Protect Your Database IDs in Rails with UUID

For most backend developers, protecting the database from hackers is at the top of the priority list. All it takes is one bad actor getting access to information they shouldn’t have, and you’re screwed.

In SQL databases, one potential vulnerability is the fact that in many databases, the primary key, or ID, for each data entry is just an integer that increments by 1. So if a hacker wants to access some random record, they can just try random integers and see what happens.

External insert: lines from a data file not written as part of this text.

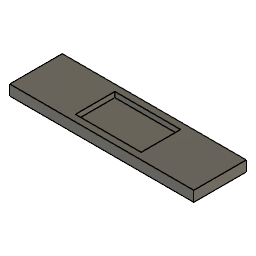
Canal - middle plate v1 (Autodesk Fusion 360 design; units mm, degrees)
Autodesk Fusion 360 part; units mm, degrees
sketch "Esquisse1" plane through (0, 0, 0) normal (0, 0, 1) x (1, 0, 0)
  line L0 (0, 40) -> (70, 40)
  line L1 (70, 40) -> (70, 20)
  line L2 (70, 20) -> (0, 20)
  line L3 (0, 20) -> (0, 40)
  dimension "d1" = 70
  dimension "d2" = 20
  constraint horizontal L0
  constraint vertical L1
  constraint horizontal L2
  constraint vertical L3
  measures "d1" distance of L1 L3
  measures "d2" distance of L0 L2
extrude "Extrusion1" add sketch "Esquisse1" along normal blind 4
sketch "Esquisse2" plane through (0, 0, 0) normal (0, 0, -1) x (1, 0, 0)
  line L0 (70, -20) -> (0, -20)
  line L1 (0, -20) -> (0, -40)
  line L2 (0, -40) -> (70, -40)
  line L3 (70, -40) -> (70, -20)
  line L4 (7.5, -23) -> (12.5, -23)
  line L5 (12.5, -23) -> (12.5, -25)
  line L6 (12.5, -25) -> (7.5, -25)
  line L7 (7.5, -25) -> (7.5, -23)
  line L8 (10, -23) -> (10, -25) construction
  line L9 (35, -20) -> (35, -40) construction
  line L10 (57.5, -23) -> (57.5, -25)
  line L11 (62.5, -23) -> (57.5, -23)
  line L12 (62.5, -25) -> (62.5, -23)
  line L13 (57.5, -25) -> (62.5, -25)
  line L14 (0, -30) -> (70, -30) construction
  line L15 (7.5, -37) -> (12.5, -37)
  line L16 (12.5, -37) -> (12.5, -35)
  line L17 (12.5, -35) -> (7.5, -35)
  line L18 (7.5, -35) -> (7.5, -37)
  line L19 (62.5, -37) -> (57.5, -37)
  line L20 (62.5, -35) -> (62.5, -37)
  line L21 (57.5, -35) -> (62.5, -35)
  line L22 (57.5, -37) -> (57.5, -35)
  dimension "d5" = 25
  constraint horizontal L4
  constraint vertical L5
  constraint horizontal L6
  constraint vertical L7
  constraint midpoint L4 L8.start
  constraint midpoint L6 L8.end
  constraint midpoint L0 L9.start
  constraint midpoint L2 L9.end
  constraint symmetric L4.start L9 L11.start
  constraint symmetric L4.end L9 L10.start
  constraint symmetric L5.end L9 L10.end
  constraint symmetric L6.end L9 L12.start
  constraint midpoint L1 L14.start
  constraint midpoint L3 L14.end
  constraint symmetric L4.start L14 L15.start
  constraint symmetric L4.end L14 L15.end
  constraint symmetric L5.end L14 L16.end
  constraint symmetric L6.end L14 L17.end
  constraint symmetric L10.start L14 L19.end
  constraint symmetric L10.end L14 L21.start
  constraint symmetric L11.start L14 L19.start
  constraint symmetric L12.start L14 L20.start
  measures "d5" distance of L8 L9
extrude "Extrusion2" cut sketch "Esquisse2" against normal blind 2 contours L4 L5 L6 L7 | L10 L11 L12 L13 | L15 L16 L17 L18 | L19 L20 L21 L22
sketch "Esquisse3" plane through (0, 0, 4) normal (0, 0, 1) x (-1, 0, 0)
  line L0 (0, -20) -> (-70, -20)
  line L1 (-70, -20) -> (-70, -40)
  line L2 (-70, -40) -> (0, -40)
  line L3 (0, -40) -> (0, -20)
  line L4 (-22.5, -37.5) -> (-47.5, -37.5)
  line L5 (-47.5, -37.5) -> (-47.5, -22.5)
  line L6 (-47.5, -22.5) -> (-22.5, -22.5)
  line L7 (-22.5, -22.5) -> (-22.5, -37.5)
  line L8 (0, -30) -> (-70, -30) construction
  line L9 (-35, -40) -> (-35, -20) construction
  dimension "d8" = 25
  dimension "d9" = 15
  constraint horizontal L4
  constraint vertical L5
  constraint horizontal L6
  constraint vertical L7
  constraint midpoint L3 L8.start
  constraint midpoint L1 L8.end
  constraint midpoint L2 L9.start
  constraint midpoint L0 L9.end
  constraint symmetric L5 L7 L9
  constraint symmetric L0 L2 L8
  constraint symmetric L4 L6 L8
  measures "d8" distance of L5 L7
  measures "d9" distance of L4 L6
extrude "Extrusion3" cut sketch "Esquisse3" against normal blind 2 contours L4 L5 L6 L7

UUID, which generates random strings of letters and numbers, is a great way to prevent that problem. Instead of using simple integers that increase by 1 each time, your database IDs look more like this:

"0e212515–68b0–41b8–880a-fa4a9d818af6"
"27279e0a-dbaf-4b67–8323–0260193e5a92"
"311ca64f-1f1e-4360–8ae4–8dff9df1f2da"

Much harder to guess.

So if you’re looking for some peace of mind, here’s how to get UUID primary keys up and running with a Rails backend and a PostgreSQL database.

If you haven’t yet, first start your new project on the command line with rails new my-app -d=postgresql, replacing my-app with the project name of your choice.

Next, before you create any other migrations, type rails g migration enable_uuid in the command line. That should add a new migration file to the db/migrate folder.

In that new file, under def change, add enable_extension 'pgcrypto'.

Then, to actually use UUID strings for your primary keys, go to config/initializers and create a generators.rb file if you don’t already have one. Then type:

Rails.application.config.generators do |g|
  g.orm :active_record, primary_key_type: :uuid
end

Now you’re ready to generate any future migrations and models you might need! Create them the way you normally would, and their IDs will automatically be formatted as UUIDs.

And you can breathe just a tiny bit easier knowing that your primary keys are now much harder to guess.